Return the exact lines spanning from the line with "#433=VERTEX_POINT('',#432);" through the last line of the entries, boundaries included, and no others.

[Data excerpts]
╭──

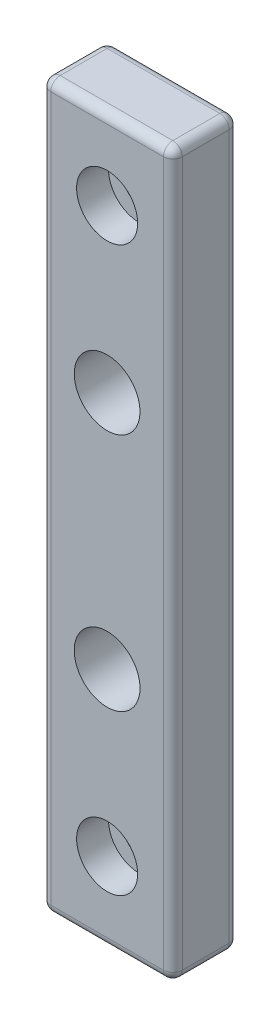
ISO-10303-21;
HEADER;
FILE_DESCRIPTION(('STEP AP214'),'2;1');
FILE_NAME('part.step','',(''),(''),'','','');
FILE_SCHEMA(('AUTOMOTIVE_DESIGN { 1 0 10303 214 1 1 1 1 }'));
ENDSEC;
DATA;
#1=APPLICATION_CONTEXT('core data for automotive mechanical design processes');
#2=APPLICATION_PROTOCOL_DEFINITION('international standard','automotive_design',2000,#1);
#3=PRODUCT_CONTEXT('',#1,'mechanical');
#4=PRODUCT('Part','Part','',(#3));
#5=PRODUCT_RELATED_PRODUCT_CATEGORY('part','',(#4));
#6=PRODUCT_DEFINITION_FORMATION('','',#4);
#7=PRODUCT_DEFINITION_CONTEXT('part definition',#1,'design');
#8=PRODUCT_DEFINITION('design','',#6,#7);
#9=PRODUCT_DEFINITION_SHAPE('','',#8);
#10=(LENGTH_UNIT() NAMED_UNIT(*) SI_UNIT(.MILLI.,.METRE.));
#11=(NAMED_UNIT(*) PLANE_ANGLE_UNIT() SI_UNIT($,.RADIAN.));
#12=(NAMED_UNIT(*) SI_UNIT($,.STERADIAN.) SOLID_ANGLE_UNIT());
#13=UNCERTAINTY_MEASURE_WITH_UNIT(LENGTH_MEASURE(1.E-05),#10,'distance_accuracy_value','');
#14=(GEOMETRIC_REPRESENTATION_CONTEXT(3) GLOBAL_UNCERTAINTY_ASSIGNED_CONTEXT((#13)) GLOBAL_UNIT_ASSIGNED_CONTEXT((#10,
#11,#12)) REPRESENTATION_CONTEXT('',''));
#15=CARTESIAN_POINT('',(0.,0.,0.));
#16=DIRECTION('',(0.,0.,1.));
#17=DIRECTION('',(1.,0.,0.));
#18=AXIS2_PLACEMENT_3D('',#15,#16,#17);
#19=CARTESIAN_POINT('',(-7.,38.5,3.5));
#20=DIRECTION('',(1.,0.,0.));
#21=DIRECTION('',(0.,1.,0.));
#22=AXIS2_PLACEMENT_3D('',#19,#20,#21);
#23=PLANE('',#22);
#24=DIRECTION('',(0.,0.,-1.));
#25=VECTOR('',#24,1.);
#26=CARTESIAN_POINT('',(-6.99999999999999,-37.5,3.5));
#27=LINE('',#26,#25);
#28=CARTESIAN_POINT('',(-6.99999999999999,-37.5,-2.5));
#29=VERTEX_POINT('',#28);
#30=CARTESIAN_POINT('',(-6.99999999999999,-37.5,2.5));
#31=VERTEX_POINT('',#30);
#32=EDGE_CURVE('E254',#29,#31,#27,.F.);
#33=ORIENTED_EDGE('',*,*,#32,.T.);
#34=DIRECTION('',(0.,-1.,0.));
#35=VECTOR('',#34,1.);
#36=CARTESIAN_POINT('',(-7.,37.5,2.5));
#37=LINE('',#36,#35);
#38=CARTESIAN_POINT('',(-7.,37.5,2.5));
#39=VERTEX_POINT('',#38);
#40=EDGE_CURVE('E286',#31,#39,#37,.F.);
#41=ORIENTED_EDGE('',*,*,#40,.T.);
#42=DIRECTION('',(0.,0.,-1.));
#43=VECTOR('',#42,1.);
#44=CARTESIAN_POINT('',(-7.,37.5,3.5));
#45=LINE('',#44,#43);
#46=CARTESIAN_POINT('',(-7.,37.5,-2.5));
#47=VERTEX_POINT('',#46);
#48=EDGE_CURVE('E257',#39,#47,#45,.T.);
#49=ORIENTED_EDGE('',*,*,#48,.T.);
#50=DIRECTION('',(0.,-1.,0.));
#51=VECTOR('',#50,1.);
#52=CARTESIAN_POINT('',(-7.,38.5,-2.5));
#53=LINE('',#52,#51);
#54=EDGE_CURVE('E284',#47,#29,#53,.T.);
#55=ORIENTED_EDGE('',*,*,#54,.T.);
#56=EDGE_LOOP('',(#33,#41,#49,#55));
#57=FACE_BOUND('',#56,.T.);
#58=ADVANCED_FACE('F35',(#57),#23,.F.);
#59=CARTESIAN_POINT('',(-6.99999999999999,-38.5,3.5));
#60=DIRECTION('',(0.,1.,0.));
#61=DIRECTION('',(0.,0.,1.));
#62=AXIS2_PLACEMENT_3D('',#59,#60,#61);
#63=PLANE('',#62);
#64=DIRECTION('',(0.,0.,-1.));
#65=VECTOR('',#64,1.);
#66=CARTESIAN_POINT('',(6.,-38.5,3.5));
#67=LINE('',#66,#65);
#68=CARTESIAN_POINT('',(6.,-38.5,-2.5));
#69=VERTEX_POINT('',#68);
#70=CARTESIAN_POINT('',(6.,-38.5,2.5));
#71=VERTEX_POINT('',#70);
#72=EDGE_CURVE('E131',#69,#71,#67,.F.);
#73=ORIENTED_EDGE('',*,*,#72,.T.);
#74=DIRECTION('',(1.,0.,0.));
#75=VECTOR('',#74,1.);
#76=CARTESIAN_POINT('',(-5.99999999999999,-38.5,2.5));
#77=LINE('',#76,#75);
#78=CARTESIAN_POINT('',(-5.99999999999999,-38.5,2.5));
#79=VERTEX_POINT('',#78);
#80=EDGE_CURVE('E135',#71,#79,#77,.F.);
#81=ORIENTED_EDGE('',*,*,#80,.T.);
#82=DIRECTION('',(0.,0.,-1.));
#83=VECTOR('',#82,1.);
#84=CARTESIAN_POINT('',(-5.99999999999999,-38.5,3.5));
#85=LINE('',#84,#83);
#86=CARTESIAN_POINT('',(-5.99999999999999,-38.5,-2.5));
#87=VERTEX_POINT('',#86);
#88=EDGE_CURVE('E133',#79,#87,#85,.T.);
#89=ORIENTED_EDGE('',*,*,#88,.T.);
#90=DIRECTION('',(1.,0.,0.));
#91=VECTOR('',#90,1.);
#92=CARTESIAN_POINT('',(-6.99999999999999,-38.5,-2.5));
#93=LINE('',#92,#91);
#94=EDGE_CURVE('E128',#87,#69,#93,.T.);
#95=ORIENTED_EDGE('',*,*,#94,.T.);
#96=EDGE_LOOP('',(#73,#81,#89,#95));
#97=FACE_BOUND('',#96,.T.);
#98=ADVANCED_FACE('F130',(#97),#63,.F.);
#99=CARTESIAN_POINT('',(7.,38.5,3.5));
#100=DIRECTION('',(-1.,0.,0.));
#101=DIRECTION('',(0.,-1.,0.));
#102=AXIS2_PLACEMENT_3D('',#99,#100,#101);
#103=PLANE('',#102);
#104=DIRECTION('',(0.,0.,-1.));
#105=VECTOR('',#104,1.);
#106=CARTESIAN_POINT('',(7.,37.5,3.5));
#107=LINE('',#106,#105);
#108=CARTESIAN_POINT('',(7.,37.5,-2.5));
#109=VERTEX_POINT('',#108);
#110=CARTESIAN_POINT('',(7.,37.5,2.5));
#111=VERTEX_POINT('',#110);
#112=EDGE_CURVE('E266',#109,#111,#107,.F.);
#113=ORIENTED_EDGE('',*,*,#112,.T.);
#114=DIRECTION('',(0.,1.,0.));
#115=VECTOR('',#114,1.);
#116=CARTESIAN_POINT('',(7.,-37.5,2.5));
#117=LINE('',#116,#115);
#118=CARTESIAN_POINT('',(7.,-37.5,2.5));
#119=VERTEX_POINT('',#118);
#120=EDGE_CURVE('E11',#111,#119,#117,.F.);
#121=ORIENTED_EDGE('',*,*,#120,.T.);
#122=DIRECTION('',(0.,0.,-1.));
#123=VECTOR('',#122,1.);
#124=CARTESIAN_POINT('',(7.,-37.5,3.5));
#125=LINE('',#124,#123);
#126=CARTESIAN_POINT('',(7.,-37.5,-2.5));
#127=VERTEX_POINT('',#126);
#128=EDGE_CURVE('E157',#119,#127,#125,.T.);
#129=ORIENTED_EDGE('',*,*,#128,.T.);
#130=DIRECTION('',(0.,1.,0.));
#131=VECTOR('',#130,1.);
#132=CARTESIAN_POINT('',(7.,38.5,-2.5));
#133=LINE('',#132,#131);
#134=EDGE_CURVE('E44',#127,#109,#133,.T.);
#135=ORIENTED_EDGE('',*,*,#134,.T.);
#136=EDGE_LOOP('',(#113,#121,#129,#135));
#137=FACE_BOUND('',#136,.T.);
#138=ADVANCED_FACE('F307',(#137),#103,.F.);
#139=CARTESIAN_POINT('',(-7.,38.5,3.5));
#140=DIRECTION('',(0.,-1.,0.));
#141=DIRECTION('',(0.,0.,-1.));
#142=AXIS2_PLACEMENT_3D('',#139,#140,#141);
#143=PLANE('',#142);
#144=DIRECTION('',(0.,0.,-1.));
#145=VECTOR('',#144,1.);
#146=CARTESIAN_POINT('',(-6.,38.5,3.5));
#147=LINE('',#146,#145);
#148=CARTESIAN_POINT('',(-6.,38.5,-2.5));
#149=VERTEX_POINT('',#148);
#150=CARTESIAN_POINT('',(-6.,38.5,2.5));
#151=VERTEX_POINT('',#150);
#152=EDGE_CURVE('E148',#149,#151,#147,.F.);
#153=ORIENTED_EDGE('',*,*,#152,.T.);
#154=DIRECTION('',(-1.,0.,0.));
#155=VECTOR('',#154,1.);
#156=CARTESIAN_POINT('',(6.,38.5,2.5));
#157=LINE('',#156,#155);
#158=CARTESIAN_POINT('',(6.,38.5,2.5));
#159=VERTEX_POINT('',#158);
#160=EDGE_CURVE('E294',#151,#159,#157,.F.);
#161=ORIENTED_EDGE('',*,*,#160,.T.);
#162=DIRECTION('',(0.,0.,-1.));
#163=VECTOR('',#162,1.);
#164=CARTESIAN_POINT('',(6.,38.5,3.5));
#165=LINE('',#164,#163);
#166=CARTESIAN_POINT('',(6.,38.5,-2.5));
#167=VERTEX_POINT('',#166);
#168=EDGE_CURVE('E260',#159,#167,#165,.T.);
#169=ORIENTED_EDGE('',*,*,#168,.T.);
#170=DIRECTION('',(-1.,0.,0.));
#171=VECTOR('',#170,1.);
#172=CARTESIAN_POINT('',(-7.,38.5,-2.5));
#173=LINE('',#172,#171);
#174=EDGE_CURVE('E292',#167,#149,#173,.T.);
#175=ORIENTED_EDGE('',*,*,#174,.T.);
#176=EDGE_LOOP('',(#153,#161,#169,#175));
#177=FACE_BOUND('',#176,.T.);
#178=ADVANCED_FACE('F326',(#177),#143,.F.);
#179=CARTESIAN_POINT('',(0.,0.,3.5));
#180=DIRECTION('',(0.,0.,1.));
#181=DIRECTION('',(1.,0.,0.));
#182=AXIS2_PLACEMENT_3D('',#179,#180,#181);
#183=PLANE('',#182);
#184=DIRECTION('',(0.,-1.,0.));
#185=VECTOR('',#184,1.);
#186=CARTESIAN_POINT('',(-6.,-37.5,3.5));
#187=LINE('',#186,#185);
#188=CARTESIAN_POINT('',(-6.,37.5,3.5));
#189=VERTEX_POINT('',#188);
#190=CARTESIAN_POINT('',(-6.,-37.5,3.5));
#191=VERTEX_POINT('',#190);
#192=EDGE_CURVE('E275',#189,#191,#187,.T.);
#193=ORIENTED_EDGE('',*,*,#192,.T.);
#194=DIRECTION('',(1.,0.,0.));
#195=VECTOR('',#194,1.);
#196=CARTESIAN_POINT('',(6.,-37.5,3.5));
#197=LINE('',#196,#195);
#198=CARTESIAN_POINT('',(6.,-37.5,3.5));
#199=VERTEX_POINT('',#198);
#200=EDGE_CURVE('E136',#191,#199,#197,.T.);
#201=ORIENTED_EDGE('',*,*,#200,.T.);
#202=DIRECTION('',(0.,1.,0.));
#203=VECTOR('',#202,1.);
#204=CARTESIAN_POINT('',(6.,37.5,3.5));
#205=LINE('',#204,#203);
#206=CARTESIAN_POINT('',(6.,37.5,3.5));
#207=VERTEX_POINT('',#206);
#208=EDGE_CURVE('E271',#199,#207,#205,.T.);
#209=ORIENTED_EDGE('',*,*,#208,.T.);
#210=DIRECTION('',(-1.,0.,0.));
#211=VECTOR('',#210,1.);
#212=CARTESIAN_POINT('',(-6.,37.5,3.5));
#213=LINE('',#212,#211);
#214=EDGE_CURVE('E273',#207,#189,#213,.T.);
#215=ORIENTED_EDGE('',*,*,#214,.T.);
#216=EDGE_LOOP('',(#193,#201,#209,#215));
#217=FACE_BOUND('',#216,.T.);
#218=CARTESIAN_POINT('',(0.,12.75,3.5));
#219=DIRECTION('',(0.,0.,1.));
#220=DIRECTION('',(-1.,0.,0.));
#221=AXIS2_PLACEMENT_3D('',#218,#219,#220);
#222=CIRCLE('',#221,3.5);
#223=CARTESIAN_POINT('',(-3.5,12.75,3.5));
#224=VERTEX_POINT('',#223);
#225=EDGE_CURVE('E212',#224,#224,#222,.T.);
#226=ORIENTED_EDGE('',*,*,#225,.F.);
#227=EDGE_LOOP('',(#226));
#228=FACE_BOUND('',#227,.T.);
#229=CARTESIAN_POINT('',(0.,-12.75,3.5));
#230=DIRECTION('',(0.,0.,1.));
#231=DIRECTION('',(1.,0.,0.));
#232=AXIS2_PLACEMENT_3D('',#229,#230,#231);
#233=CIRCLE('',#232,3.5);
#234=CARTESIAN_POINT('',(3.5,-12.75,3.5));
#235=VERTEX_POINT('',#234);
#236=EDGE_CURVE('E222',#235,#235,#233,.T.);
#237=ORIENTED_EDGE('',*,*,#236,.F.);
#238=EDGE_LOOP('',(#237));
#239=FACE_BOUND('',#238,.T.);
#240=CARTESIAN_POINT('',(0.,-30.,3.5));
#241=DIRECTION('',(0.,0.,1.));
#242=DIRECTION('',(1.,0.,0.));
#243=AXIS2_PLACEMENT_3D('',#240,#241,#242);
#244=CIRCLE('',#243,3.25);
#245=CARTESIAN_POINT('',(3.25,-30.,3.5));
#246=VERTEX_POINT('',#245);
#247=EDGE_CURVE('E228',#246,#246,#244,.T.);
#248=ORIENTED_EDGE('',*,*,#247,.F.);
#249=EDGE_LOOP('',(#248));
#250=FACE_BOUND('',#249,.T.);
#251=CARTESIAN_POINT('',(0.,30.,3.5));
#252=DIRECTION('',(0.,0.,1.));
#253=DIRECTION('',(1.,0.,0.));
#254=AXIS2_PLACEMENT_3D('',#251,#252,#253);
#255=CIRCLE('',#254,3.25);
#256=CARTESIAN_POINT('',(3.25,30.,3.5));
#257=VERTEX_POINT('',#256);
#258=EDGE_CURVE('E242',#257,#257,#255,.T.);
#259=ORIENTED_EDGE('',*,*,#258,.F.);
#260=EDGE_LOOP('',(#259));
#261=FACE_BOUND('',#260,.T.);
#262=ADVANCED_FACE('F351',(#217,#228,#239,#250,#261),#183,.T.);
#263=CARTESIAN_POINT('',(0.,0.,-3.5));
#264=DIRECTION('',(0.,0.,1.));
#265=DIRECTION('',(1.,0.,0.));
#266=AXIS2_PLACEMENT_3D('',#263,#264,#265);
#267=PLANE('',#266);
#268=DIRECTION('',(0.,1.,0.));
#269=VECTOR('',#268,1.);
#270=CARTESIAN_POINT('',(6.,0.,-3.5));
#271=LINE('',#270,#269);
#272=CARTESIAN_POINT('',(6.,37.5,-3.5));
#273=VERTEX_POINT('',#272);
#274=CARTESIAN_POINT('',(6.,-37.5,-3.5));
#275=VERTEX_POINT('',#274);
#276=EDGE_CURVE('E300',#273,#275,#271,.F.);
#277=ORIENTED_EDGE('',*,*,#276,.T.);
#278=DIRECTION('',(1.,0.,0.));
#279=VECTOR('',#278,1.);
#280=CARTESIAN_POINT('',(0.,-37.5,-3.5));
#281=LINE('',#280,#279);
#282=CARTESIAN_POINT('',(-5.99999999999999,-37.5,-3.5));
#283=VERTEX_POINT('',#282);
#284=EDGE_CURVE('E160',#275,#283,#281,.F.);
#285=ORIENTED_EDGE('',*,*,#284,.T.);
#286=DIRECTION('',(0.,-1.,0.));
#287=VECTOR('',#286,1.);
#288=CARTESIAN_POINT('',(-6.,0.,-3.5));
#289=LINE('',#288,#287);
#290=CARTESIAN_POINT('',(-6.,37.5,-3.5));
#291=VERTEX_POINT('',#290);
#292=EDGE_CURVE('E60',#283,#291,#289,.F.);
#293=ORIENTED_EDGE('',*,*,#292,.T.);
#294=DIRECTION('',(-1.,0.,0.));
#295=VECTOR('',#294,1.);
#296=CARTESIAN_POINT('',(0.,37.5,-3.5));
#297=LINE('',#296,#295);
#298=EDGE_CURVE('E302',#291,#273,#297,.F.);
#299=ORIENTED_EDGE('',*,*,#298,.T.);
#300=EDGE_LOOP('',(#277,#285,#293,#299));
#301=FACE_BOUND('',#300,.T.);
#302=CARTESIAN_POINT('',(0.,12.75,-3.5));
#303=DIRECTION('',(0.,0.,1.));
#304=DIRECTION('',(-1.,0.,0.));
#305=AXIS2_PLACEMENT_3D('',#302,#303,#304);
#306=CIRCLE('',#305,3.5);
#307=CARTESIAN_POINT('',(-3.5,12.75,-3.5));
#308=VERTEX_POINT('',#307);
#309=EDGE_CURVE('E217',#308,#308,#306,.T.);
#310=ORIENTED_EDGE('',*,*,#309,.T.);
#311=EDGE_LOOP('',(#310));
#312=FACE_BOUND('',#311,.T.);
#313=CARTESIAN_POINT('',(0.,-12.75,-3.5));
#314=DIRECTION('',(0.,0.,1.));
#315=DIRECTION('',(1.,0.,0.));
#316=AXIS2_PLACEMENT_3D('',#313,#314,#315);
#317=CIRCLE('',#316,3.5);
#318=CARTESIAN_POINT('',(3.5,-12.75,-3.5));
#319=VERTEX_POINT('',#318);
#320=EDGE_CURVE('E225',#319,#319,#317,.T.);
#321=ORIENTED_EDGE('',*,*,#320,.T.);
#322=EDGE_LOOP('',(#321));
#323=FACE_BOUND('',#322,.T.);
#324=CARTESIAN_POINT('',(0.,-30.,-3.5));
#325=DIRECTION('',(0.,0.,1.));
#326=DIRECTION('',(1.,0.,0.));
#327=AXIS2_PLACEMENT_3D('',#324,#325,#326);
#328=CIRCLE('',#327,1.6);
#329=CARTESIAN_POINT('',(1.6,-30.,-3.5));
#330=VERTEX_POINT('',#329);
#331=EDGE_CURVE('E239',#330,#330,#328,.T.);
#332=ORIENTED_EDGE('',*,*,#331,.T.);
#333=EDGE_LOOP('',(#332));
#334=FACE_BOUND('',#333,.T.);
#335=CARTESIAN_POINT('',(0.,30.,-3.5));
#336=DIRECTION('',(0.,0.,1.));
#337=DIRECTION('',(1.,0.,0.));
#338=AXIS2_PLACEMENT_3D('',#335,#336,#337);
#339=CIRCLE('',#338,1.6);
#340=CARTESIAN_POINT('',(1.6,30.,-3.5));
#341=VERTEX_POINT('',#340);
#342=EDGE_CURVE('E251',#341,#341,#339,.T.);
#343=ORIENTED_EDGE('',*,*,#342,.T.);
#344=EDGE_LOOP('',(#343));
#345=FACE_BOUND('',#344,.T.);
#346=ADVANCED_FACE('F321',(#301,#312,#323,#334,#345),#267,.F.);
#347=CARTESIAN_POINT('',(0.,30.,3.5));
#348=DIRECTION('',(0.,0.,1.));
#349=DIRECTION('',(1.,0.,0.));
#350=AXIS2_PLACEMENT_3D('',#347,#348,#349);
#351=CYLINDRICAL_SURFACE('',#350,1.6);
#352=ORIENTED_EDGE('',*,*,#342,.F.);
#353=EDGE_LOOP('',(#352));
#354=FACE_BOUND('',#353,.T.);
#355=CARTESIAN_POINT('',(0.,30.,0.100000000000001));
#356=DIRECTION('',(0.,0.,1.));
#357=DIRECTION('',(1.,0.,0.));
#358=AXIS2_PLACEMENT_3D('',#355,#356,#357);
#359=CIRCLE('',#358,1.6);
#360=CARTESIAN_POINT('',(1.6,30.,0.100000000000001));
#361=VERTEX_POINT('',#360);
#362=EDGE_CURVE('E248',#361,#361,#359,.T.);
#363=ORIENTED_EDGE('',*,*,#362,.T.);
#364=EDGE_LOOP('',(#363));
#365=FACE_BOUND('',#364,.T.);
#366=ADVANCED_FACE('F600',(#354,#365),#351,.F.);
#367=CARTESIAN_POINT('',(1.6,30.,0.100000000000001));
#368=DIRECTION('',(0.,0.,-1.));
#369=DIRECTION('',(-1.,0.,0.));
#370=AXIS2_PLACEMENT_3D('',#367,#368,#369);
#371=PLANE('',#370);
#372=ORIENTED_EDGE('',*,*,#362,.F.);
#373=EDGE_LOOP('',(#372));
#374=FACE_BOUND('',#373,.T.);
#375=CARTESIAN_POINT('',(0.,30.,0.100000000000001));
#376=DIRECTION('',(0.,0.,1.));
#377=DIRECTION('',(1.,0.,0.));
#378=AXIS2_PLACEMENT_3D('',#375,#376,#377);
#379=CIRCLE('',#378,3.25);
#380=CARTESIAN_POINT('',(3.25,30.,0.100000000000001));
#381=VERTEX_POINT('',#380);
#382=EDGE_CURVE('E245',#381,#381,#379,.T.);
#383=ORIENTED_EDGE('',*,*,#382,.T.);
#384=EDGE_LOOP('',(#383));
#385=FACE_BOUND('',#384,.T.);
#386=ADVANCED_FACE('F591',(#374,#385),#371,.F.);
#387=CARTESIAN_POINT('',(0.,30.,3.5));
#388=DIRECTION('',(0.,0.,1.));
#389=DIRECTION('',(1.,0.,0.));
#390=AXIS2_PLACEMENT_3D('',#387,#388,#389);
#391=CYLINDRICAL_SURFACE('',#390,3.25);
#392=ORIENTED_EDGE('',*,*,#382,.F.);
#393=EDGE_LOOP('',(#392));
#394=FACE_BOUND('',#393,.T.);
#395=ORIENTED_EDGE('',*,*,#258,.T.);
#396=EDGE_LOOP('',(#395));
#397=FACE_BOUND('',#396,.T.);
#398=ADVANCED_FACE('F582',(#394,#397),#391,.F.);
#399=CARTESIAN_POINT('',(0.,-30.,3.5));
#400=DIRECTION('',(0.,0.,1.));
#401=DIRECTION('',(1.,0.,0.));
#402=AXIS2_PLACEMENT_3D('',#399,#400,#401);
#403=CYLINDRICAL_SURFACE('',#402,1.6);
#404=ORIENTED_EDGE('',*,*,#331,.F.);
#405=EDGE_LOOP('',(#404));
#406=FACE_BOUND('',#405,.T.);
#407=CARTESIAN_POINT('',(0.,-30.,0.100000000000001));
#408=DIRECTION('',(0.,0.,1.));
#409=DIRECTION('',(1.,0.,0.));
#410=AXIS2_PLACEMENT_3D('',#407,#408,#409);
#411=CIRCLE('',#410,1.6);
#412=CARTESIAN_POINT('',(1.6,-30.,0.100000000000001));
#413=VERTEX_POINT('',#412);
#414=EDGE_CURVE('E236',#413,#413,#411,.T.);
#415=ORIENTED_EDGE('',*,*,#414,.T.);
#416=EDGE_LOOP('',(#415));
#417=FACE_BOUND('',#416,.T.);
#418=ADVANCED_FACE('F573',(#406,#417),#403,.F.);
#419=CARTESIAN_POINT('',(1.6,-30.,0.100000000000001));
#420=DIRECTION('',(0.,0.,-1.));
#421=DIRECTION('',(-1.,0.,0.));
#422=AXIS2_PLACEMENT_3D('',#419,#420,#421);
#423=PLANE('',#422);
#424=ORIENTED_EDGE('',*,*,#414,.F.);
#425=EDGE_LOOP('',(#424));
#426=FACE_BOUND('',#425,.T.);
#427=CARTESIAN_POINT('',(0.,-30.,0.100000000000001));
#428=DIRECTION('',(0.,0.,1.));
#429=DIRECTION('',(1.,0.,0.));
#430=AXIS2_PLACEMENT_3D('',#427,#428,#429);
#431=CIRCLE('',#430,3.25);
#432=CARTESIAN_POINT('',(3.25,-30.,0.100000000000001));
#433=VERTEX_POINT('',#432);
#434=EDGE_CURVE('E233',#433,#433,#431,.T.);
#435=ORIENTED_EDGE('',*,*,#434,.T.);
#436=EDGE_LOOP('',(#435));
#437=FACE_BOUND('',#436,.T.);
#438=ADVANCED_FACE('F564',(#426,#437),#423,.F.);
#439=CARTESIAN_POINT('',(0.,-30.,3.5));
#440=DIRECTION('',(0.,0.,1.));
#441=DIRECTION('',(1.,0.,0.));
#442=AXIS2_PLACEMENT_3D('',#439,#440,#441);
#443=CYLINDRICAL_SURFACE('',#442,3.25);
#444=ORIENTED_EDGE('',*,*,#434,.F.);
#445=EDGE_LOOP('',(#444));
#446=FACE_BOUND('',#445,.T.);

╰──

__Exercise answer__
#433=VERTEX_POINT('',#432);
#434=EDGE_CURVE('E233',#433,#433,#431,.T.);
#435=ORIENTED_EDGE('',*,*,#434,.T.);
#436=EDGE_LOOP('',(#435));
#437=FACE_BOUND('',#436,.T.);
#438=ADVANCED_FACE('F564',(#426,#437),#423,.F.);
#439=CARTESIAN_POINT('',(0.,-30.,3.5));
#440=DIRECTION('',(0.,0.,1.));
#441=DIRECTION('',(1.,0.,0.));
#442=AXIS2_PLACEMENT_3D('',#439,#440,#441);
#443=CYLINDRICAL_SURFACE('',#442,3.25);
#444=ORIENTED_EDGE('',*,*,#434,.F.);
#445=EDGE_LOOP('',(#444));
#446=FACE_BOUND('',#445,.T.);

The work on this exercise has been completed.